Further, the authors of [24] proposed to sample a binary mask $\mathbf{m}\in {\{0,1\}}^D$ according to the Bernoulli distribution with probability $p=P(m_d=1)$ shared across all D dimensions, and calculate the final candidate according to the following formula:

$$\mathbf{v}=\mathbf{m}\odot \mathbf{y}+(1-\mathbf{m})\odot {\mathbf{x}}_i,$$

(5)

where ⊙ denotes the element-wise multiplication. In the evolutionary computation literature this operation is known as uniform crossover operator [18]. In this paper, we fix $p=0.9$ following general recommendations in literature [26] and use the uniform crossover in all methods.

The last component of a population-based method is a selection mechanism.
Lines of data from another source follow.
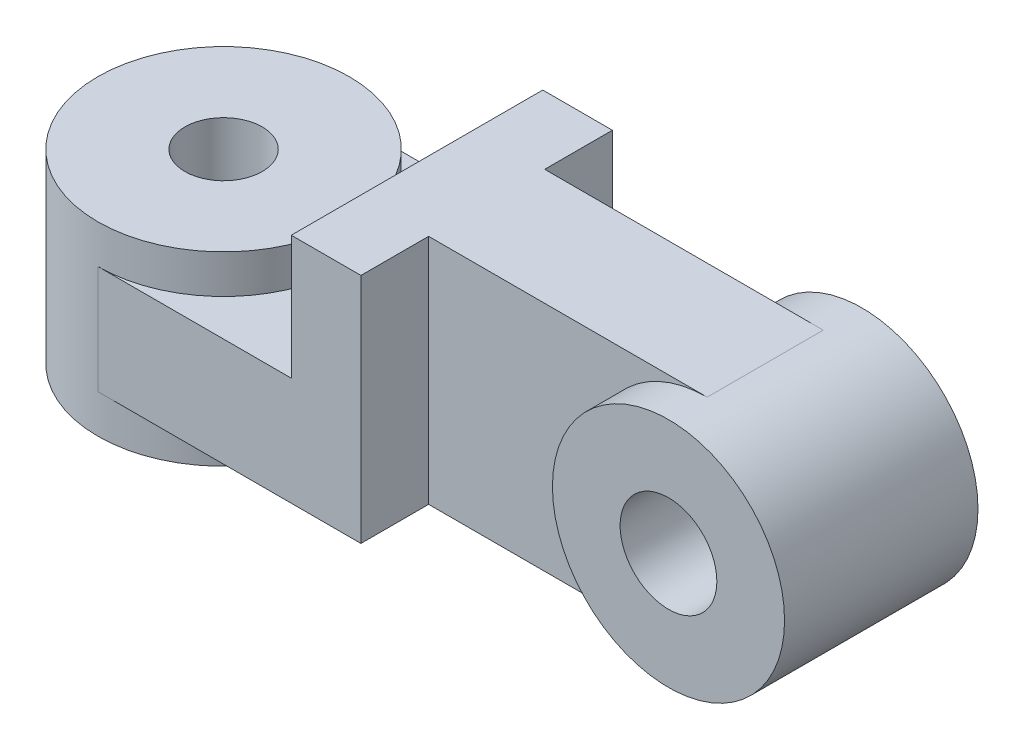
ISO-10303-21;
HEADER;
FILE_DESCRIPTION(('STEP AP214'),'2;1');
FILE_NAME('part.step','',(''),(''),'','','');
FILE_SCHEMA(('AUTOMOTIVE_DESIGN { 1 0 10303 214 1 1 1 1 }'));
ENDSEC;
DATA;
#1=APPLICATION_CONTEXT('core data for automotive mechanical design processes');
#2=APPLICATION_PROTOCOL_DEFINITION('international standard','automotive_design',2000,#1);
#3=PRODUCT_CONTEXT('',#1,'mechanical');
#4=PRODUCT('Part','Part','',(#3));
#5=PRODUCT_RELATED_PRODUCT_CATEGORY('part','',(#4));
#6=PRODUCT_DEFINITION_FORMATION('','',#4);
#7=PRODUCT_DEFINITION_CONTEXT('part definition',#1,'design');
#8=PRODUCT_DEFINITION('design','',#6,#7);
#9=PRODUCT_DEFINITION_SHAPE('','',#8);
#10=(LENGTH_UNIT() NAMED_UNIT(*) SI_UNIT(.MILLI.,.METRE.));
#11=(NAMED_UNIT(*) PLANE_ANGLE_UNIT() SI_UNIT($,.RADIAN.));
#12=(NAMED_UNIT(*) SI_UNIT($,.STERADIAN.) SOLID_ANGLE_UNIT());
#13=UNCERTAINTY_MEASURE_WITH_UNIT(LENGTH_MEASURE(1.E-05),#10,'distance_accuracy_value','');
#14=(GEOMETRIC_REPRESENTATION_CONTEXT(3) GLOBAL_UNCERTAINTY_ASSIGNED_CONTEXT((#13)) GLOBAL_UNIT_ASSIGNED_CONTEXT((#10,
#11,#12)) REPRESENTATION_CONTEXT('',''));
#15=CARTESIAN_POINT('',(0.,0.,0.));
#16=DIRECTION('',(0.,0.,1.));
#17=DIRECTION('',(1.,0.,0.));
#18=AXIS2_PLACEMENT_3D('',#15,#16,#17);
#19=CARTESIAN_POINT('',(68.,0.,0.));
#20=DIRECTION('',(-1.,0.,0.));
#21=DIRECTION('',(0.,0.,1.));
#22=AXIS2_PLACEMENT_3D('',#19,#20,#21);
#23=PLANE('',#22);
#24=DIRECTION('',(0.,-1.,0.));
#25=VECTOR('',#24,1.);
#26=CARTESIAN_POINT('',(68.,0.,15.));
#27=LINE('',#26,#25);
#28=CARTESIAN_POINT('',(68.,46.,15.));
#29=VERTEX_POINT('',#28);
#30=CARTESIAN_POINT('',(68.,-14.,15.));
#31=VERTEX_POINT('',#30);
#32=EDGE_CURVE('E56',#29,#31,#27,.T.);
#33=ORIENTED_EDGE('',*,*,#32,.F.);
#34=DIRECTION('',(0.,0.,1.));
#35=VECTOR('',#34,1.);
#36=CARTESIAN_POINT('',(68.,46.,32.5));
#37=LINE('',#36,#35);
#38=CARTESIAN_POINT('',(68.,46.,32.5));
#39=VERTEX_POINT('',#38);
#40=EDGE_CURVE('E160',#29,#39,#37,.T.);
#41=ORIENTED_EDGE('',*,*,#40,.T.);
#42=DIRECTION('',(0.,-1.,0.));
#43=VECTOR('',#42,1.);
#44=CARTESIAN_POINT('',(68.,-14.,32.5));
#45=LINE('',#44,#43);
#46=CARTESIAN_POINT('',(68.,-14.,32.5));
#47=VERTEX_POINT('',#46);
#48=EDGE_CURVE('E151',#39,#47,#45,.T.);
#49=ORIENTED_EDGE('',*,*,#48,.T.);
#50=DIRECTION('',(0.,0.,-1.));
#51=VECTOR('',#50,1.);
#52=CARTESIAN_POINT('',(68.,-14.,32.5));
#53=LINE('',#52,#51);
#54=EDGE_CURVE('E156',#47,#31,#53,.T.);
#55=ORIENTED_EDGE('',*,*,#54,.T.);
#56=EDGE_LOOP('',(#33,#41,#49,#55));
#57=FACE_BOUND('',#56,.T.);
#58=ADVANCED_FACE('F39',(#57),#23,.F.);
#59=CARTESIAN_POINT('',(0.,24.,0.));
#60=DIRECTION('',(0.,-1.,0.));
#61=DIRECTION('',(0.,0.,-1.));
#62=AXIS2_PLACEMENT_3D('',#59,#60,#61);
#63=CYLINDRICAL_SURFACE('',#62,10.);
#64=CARTESIAN_POINT('',(0.,24.,0.));
#65=DIRECTION('',(0.,1.,0.));
#66=DIRECTION('',(0.,0.,1.));
#67=AXIS2_PLACEMENT_3D('',#64,#65,#66);
#68=CIRCLE('',#67,10.);
#69=CARTESIAN_POINT('',(0.,24.,10.));
#70=VERTEX_POINT('',#69);
#71=EDGE_CURVE('E48',#70,#70,#68,.T.);
#72=ORIENTED_EDGE('',*,*,#71,.T.);
#73=EDGE_LOOP('',(#72));
#74=FACE_BOUND('',#73,.T.);
#75=CARTESIAN_POINT('',(0.,-24.,0.));
#76=DIRECTION('',(0.,1.,0.));
#77=DIRECTION('',(0.,0.,1.));
#78=AXIS2_PLACEMENT_3D('',#75,#76,#77);
#79=CIRCLE('',#78,10.);
#80=CARTESIAN_POINT('',(0.,-24.,10.));
#81=VERTEX_POINT('',#80);
#82=EDGE_CURVE('E196',#81,#81,#79,.T.);
#83=ORIENTED_EDGE('',*,*,#82,.F.);
#84=EDGE_LOOP('',(#83));
#85=FACE_BOUND('',#84,.T.);
#86=ADVANCED_FACE('F41',(#74,#85),#63,.F.);
#87=CARTESIAN_POINT('',(0.,24.,0.));
#88=DIRECTION('',(0.,-1.,0.));
#89=DIRECTION('',(0.,0.,-1.));
#90=AXIS2_PLACEMENT_3D('',#87,#88,#89);
#91=CYLINDRICAL_SURFACE('',#90,32.5);
#92=DIRECTION('',(0.,-1.,0.));
#93=VECTOR('',#92,1.);
#94=CARTESIAN_POINT('',(0.,14.,32.5));
#95=LINE('',#94,#93);
#96=CARTESIAN_POINT('',(0.,14.,32.5));
#97=VERTEX_POINT('',#96);
#98=CARTESIAN_POINT('',(0.,-14.,32.5));
#99=VERTEX_POINT('',#98);
#100=EDGE_CURVE('E193',#97,#99,#95,.T.);
#101=ORIENTED_EDGE('',*,*,#100,.F.);
#102=CARTESIAN_POINT('',(0.,14.,0.));
#103=DIRECTION('',(0.,1.,0.));
#104=DIRECTION('',(0.,0.,1.));
#105=AXIS2_PLACEMENT_3D('',#102,#103,#104);
#106=CIRCLE('',#105,32.5);
#107=CARTESIAN_POINT('',(0.,14.,-32.5));
#108=VERTEX_POINT('',#107);
#109=EDGE_CURVE('E174',#97,#108,#106,.T.);
#110=ORIENTED_EDGE('',*,*,#109,.T.);
#111=DIRECTION('',(0.,-1.,0.));
#112=VECTOR('',#111,1.);
#113=CARTESIAN_POINT('',(0.,14.,-32.5));
#114=LINE('',#113,#112);
#115=CARTESIAN_POINT('',(0.,-14.,-32.5));
#116=VERTEX_POINT('',#115);
#117=EDGE_CURVE('E185',#108,#116,#114,.T.);
#118=ORIENTED_EDGE('',*,*,#117,.T.);
#119=CARTESIAN_POINT('',(0.,-14.,0.));
#120=DIRECTION('',(0.,1.,0.));
#121=DIRECTION('',(0.,0.,1.));
#122=AXIS2_PLACEMENT_3D('',#119,#120,#121);
#123=CIRCLE('',#122,32.5);
#124=EDGE_CURVE('E173',#99,#116,#123,.T.);
#125=ORIENTED_EDGE('',*,*,#124,.F.);
#126=EDGE_LOOP('',(#101,#110,#118,#125));
#127=FACE_BOUND('',#126,.T.);
#128=CARTESIAN_POINT('',(0.,24.,0.));
#129=DIRECTION('',(0.,1.,0.));
#130=DIRECTION('',(0.,0.,1.));
#131=AXIS2_PLACEMENT_3D('',#128,#129,#130);
#132=CIRCLE('',#131,32.5);
#133=CARTESIAN_POINT('',(0.,24.,32.5));
#134=VERTEX_POINT('',#133);
#135=EDGE_CURVE('E11',#134,#134,#132,.T.);
#136=ORIENTED_EDGE('',*,*,#135,.F.);
#137=EDGE_LOOP('',(#136));
#138=FACE_BOUND('',#137,.T.);
#139=CARTESIAN_POINT('',(0.,-24.,0.));
#140=DIRECTION('',(0.,1.,0.));
#141=DIRECTION('',(0.,0.,1.));
#142=AXIS2_PLACEMENT_3D('',#139,#140,#141);
#143=CIRCLE('',#142,32.5);
#144=CARTESIAN_POINT('',(0.,-24.,32.5));
#145=VERTEX_POINT('',#144);
#146=EDGE_CURVE('E43',#145,#145,#143,.T.);
#147=ORIENTED_EDGE('',*,*,#146,.T.);
#148=EDGE_LOOP('',(#147));
#149=FACE_BOUND('',#148,.T.);
#150=ADVANCED_FACE('F204',(#127,#138,#149),#91,.T.);
#151=CARTESIAN_POINT('',(0.,24.,0.));
#152=DIRECTION('',(0.,1.,0.));
#153=DIRECTION('',(0.,0.,1.));
#154=AXIS2_PLACEMENT_3D('',#151,#152,#153);
#155=PLANE('',#154);
#156=ORIENTED_EDGE('',*,*,#71,.F.);
#157=EDGE_LOOP('',(#156));
#158=FACE_BOUND('',#157,.T.);
#159=ORIENTED_EDGE('',*,*,#135,.T.);
#160=EDGE_LOOP('',(#159));
#161=FACE_BOUND('',#160,.T.);
#162=ADVANCED_FACE('F209',(#158,#161),#155,.T.);
#163=CARTESIAN_POINT('',(0.,-24.,0.));
#164=DIRECTION('',(0.,1.,0.));
#165=DIRECTION('',(0.,0.,1.));
#166=AXIS2_PLACEMENT_3D('',#163,#164,#165);
#167=PLANE('',#166);
#168=ORIENTED_EDGE('',*,*,#82,.T.);
#169=EDGE_LOOP('',(#168));
#170=FACE_BOUND('',#169,.T.);
#171=ORIENTED_EDGE('',*,*,#146,.F.);
#172=EDGE_LOOP('',(#171));
#173=FACE_BOUND('',#172,.T.);
#174=ADVANCED_FACE('F206',(#170,#173),#167,.F.);
#175=CARTESIAN_POINT('',(0.,14.,32.5));
#176=DIRECTION('',(0.,0.,-1.));
#177=DIRECTION('',(-1.,0.,0.));
#178=AXIS2_PLACEMENT_3D('',#175,#176,#177);
#179=PLANE('',#178);
#180=DIRECTION('',(1.,0.,0.));
#181=VECTOR('',#180,1.);
#182=CARTESIAN_POINT('',(0.,-14.,32.5));
#183=LINE('',#182,#181);
#184=EDGE_CURVE('E188',#99,#47,#183,.T.);
#185=ORIENTED_EDGE('',*,*,#184,.T.);
#186=ORIENTED_EDGE('',*,*,#48,.F.);
#187=DIRECTION('',(-1.,0.,0.));
#188=VECTOR('',#187,1.);
#189=CARTESIAN_POINT('',(68.,46.,32.5));
#190=LINE('',#189,#188);
#191=CARTESIAN_POINT('',(50.,46.,32.5));
#192=VERTEX_POINT('',#191);
#193=EDGE_CURVE('E162',#39,#192,#190,.T.);
#194=ORIENTED_EDGE('',*,*,#193,.T.);
#195=DIRECTION('',(0.,-1.,0.));
#196=VECTOR('',#195,1.);
#197=CARTESIAN_POINT('',(50.,-14.,32.5));
#198=LINE('',#197,#196);
#199=CARTESIAN_POINT('',(50.,14.,32.5));
#200=VERTEX_POINT('',#199);
#201=EDGE_CURVE('E138',#192,#200,#198,.T.);
#202=ORIENTED_EDGE('',*,*,#201,.T.);
#203=DIRECTION('',(1.,0.,0.));
#204=VECTOR('',#203,1.);
#205=CARTESIAN_POINT('',(0.,14.,32.5));
#206=LINE('',#205,#204);
#207=EDGE_CURVE('E176',#97,#200,#206,.T.);
#208=ORIENTED_EDGE('',*,*,#207,.F.);
#209=ORIENTED_EDGE('',*,*,#100,.T.);
#210=EDGE_LOOP('',(#185,#186,#194,#202,#208,#209));
#211=FACE_BOUND('',#210,.T.);
#212=ADVANCED_FACE('F208',(#211),#179,.F.);
#213=CARTESIAN_POINT('',(0.,14.,-32.5));
#214=DIRECTION('',(0.,0.,1.));
#215=DIRECTION('',(1.,0.,0.));
#216=AXIS2_PLACEMENT_3D('',#213,#214,#215);
#217=PLANE('',#216);
#218=DIRECTION('',(-1.,0.,0.));
#219=VECTOR('',#218,1.);
#220=CARTESIAN_POINT('',(0.,-14.,-32.5));
#221=LINE('',#220,#219);
#222=CARTESIAN_POINT('',(68.,-14.,-32.5));
#223=VERTEX_POINT('',#222);
#224=EDGE_CURVE('E177',#223,#116,#221,.T.);
#225=ORIENTED_EDGE('',*,*,#224,.T.);
#226=ORIENTED_EDGE('',*,*,#117,.F.);
#227=DIRECTION('',(-1.,0.,0.));
#228=VECTOR('',#227,1.);
#229=CARTESIAN_POINT('',(0.,14.,-32.5));
#230=LINE('',#229,#228);
#231=CARTESIAN_POINT('',(50.,14.,-32.5));
#232=VERTEX_POINT('',#231);
#233=EDGE_CURVE('E182',#232,#108,#230,.T.);
#234=ORIENTED_EDGE('',*,*,#233,.F.);
#235=DIRECTION('',(0.,1.,0.));
#236=VECTOR('',#235,1.);
#237=CARTESIAN_POINT('',(50.,-14.,-32.5));
#238=LINE('',#237,#236);
#239=CARTESIAN_POINT('',(50.,46.,-32.5));
#240=VERTEX_POINT('',#239);
#241=EDGE_CURVE('E165',#232,#240,#238,.T.);
#242=ORIENTED_EDGE('',*,*,#241,.T.);
#243=DIRECTION('',(-1.,0.,0.));
#244=VECTOR('',#243,1.);
#245=CARTESIAN_POINT('',(68.,46.,-32.5));
#246=LINE('',#245,#244);
#247=CARTESIAN_POINT('',(68.,46.,-32.5));
#248=VERTEX_POINT('',#247);
#249=EDGE_CURVE('E170',#248,#240,#246,.T.);
#250=ORIENTED_EDGE('',*,*,#249,.F.);
#251=DIRECTION('',(0.,1.,0.));
#252=VECTOR('',#251,1.);
#253=CARTESIAN_POINT('',(68.,-14.,-32.5));
#254=LINE('',#253,#252);
#255=EDGE_CURVE('E158',#223,#248,#254,.T.);
#256=ORIENTED_EDGE('',*,*,#255,.F.);
#257=EDGE_LOOP('',(#225,#226,#234,#242,#250,#256));
#258=FACE_BOUND('',#257,.T.);
#259=ADVANCED_FACE('F215',(#258),#217,.F.);
#260=CARTESIAN_POINT('',(0.,14.,0.));
#261=DIRECTION('',(0.,1.,0.));
#262=DIRECTION('',(0.,0.,1.));
#263=AXIS2_PLACEMENT_3D('',#260,#261,#262);
#264=PLANE('',#263);
#265=ORIENTED_EDGE('',*,*,#109,.F.);
#266=ORIENTED_EDGE('',*,*,#207,.T.);
#267=DIRECTION('',(0.,0.,1.));
#268=VECTOR('',#267,1.);
#269=CARTESIAN_POINT('',(50.,14.,0.));
#270=LINE('',#269,#268);
#271=EDGE_CURVE('E179',#232,#200,#270,.T.);
#272=ORIENTED_EDGE('',*,*,#271,.F.);
#273=ORIENTED_EDGE('',*,*,#233,.T.);
#274=EDGE_LOOP('',(#265,#266,#272,#273));
#275=FACE_BOUND('',#274,.T.);
#276=ADVANCED_FACE('F242',(#275),#264,.T.);
#277=CARTESIAN_POINT('',(0.,-14.,0.));
#278=DIRECTION('',(0.,1.,0.));
#279=DIRECTION('',(0.,0.,1.));
#280=AXIS2_PLACEMENT_3D('',#277,#278,#279);
#281=PLANE('',#280);
#282=ORIENTED_EDGE('',*,*,#124,.T.);
#283=ORIENTED_EDGE('',*,*,#224,.F.);
#284=CARTESIAN_POINT('',(68.,-14.,-15.));
#285=VERTEX_POINT('',#284);
#286=EDGE_CURVE('E154',#285,#223,#53,.T.);
#287=ORIENTED_EDGE('',*,*,#286,.F.);
#288=DIRECTION('',(1.,0.,0.));
#289=VECTOR('',#288,1.);
#290=CARTESIAN_POINT('',(0.,-14.,-15.));
#291=LINE('',#290,#289);
#292=CARTESIAN_POINT('',(140.,-14.,-15.));
#293=VERTEX_POINT('',#292);
#294=EDGE_CURVE('E143',#285,#293,#291,.T.);
#295=ORIENTED_EDGE('',*,*,#294,.T.);
#296=DIRECTION('',(0.,0.,-1.));
#297=VECTOR('',#296,1.);
#298=CARTESIAN_POINT('',(140.,-14.,15.));
#299=LINE('',#298,#297);
#300=CARTESIAN_POINT('',(140.,-14.,15.));
#301=VERTEX_POINT('',#300);
#302=EDGE_CURVE('E124',#301,#293,#299,.T.);
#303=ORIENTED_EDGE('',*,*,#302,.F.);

There are multiple variants of selection [18], however, here we use the “survival of the fittest” approach, i.e., we combine the old population with the new one and select N candidates with highest fitness values, i.e., the deterministic $(\mu +\lambda )$ selection.

This variant of DE is referred to as “DE/rand/1/bin”, where rand stands for randomly selecting a base vector, 1 is for adding a single perturbation and bin denotes the uniform crossover. Sometimes it is called classic DE [25].

2.2.3. Reversible Differential Evolution (RevDE)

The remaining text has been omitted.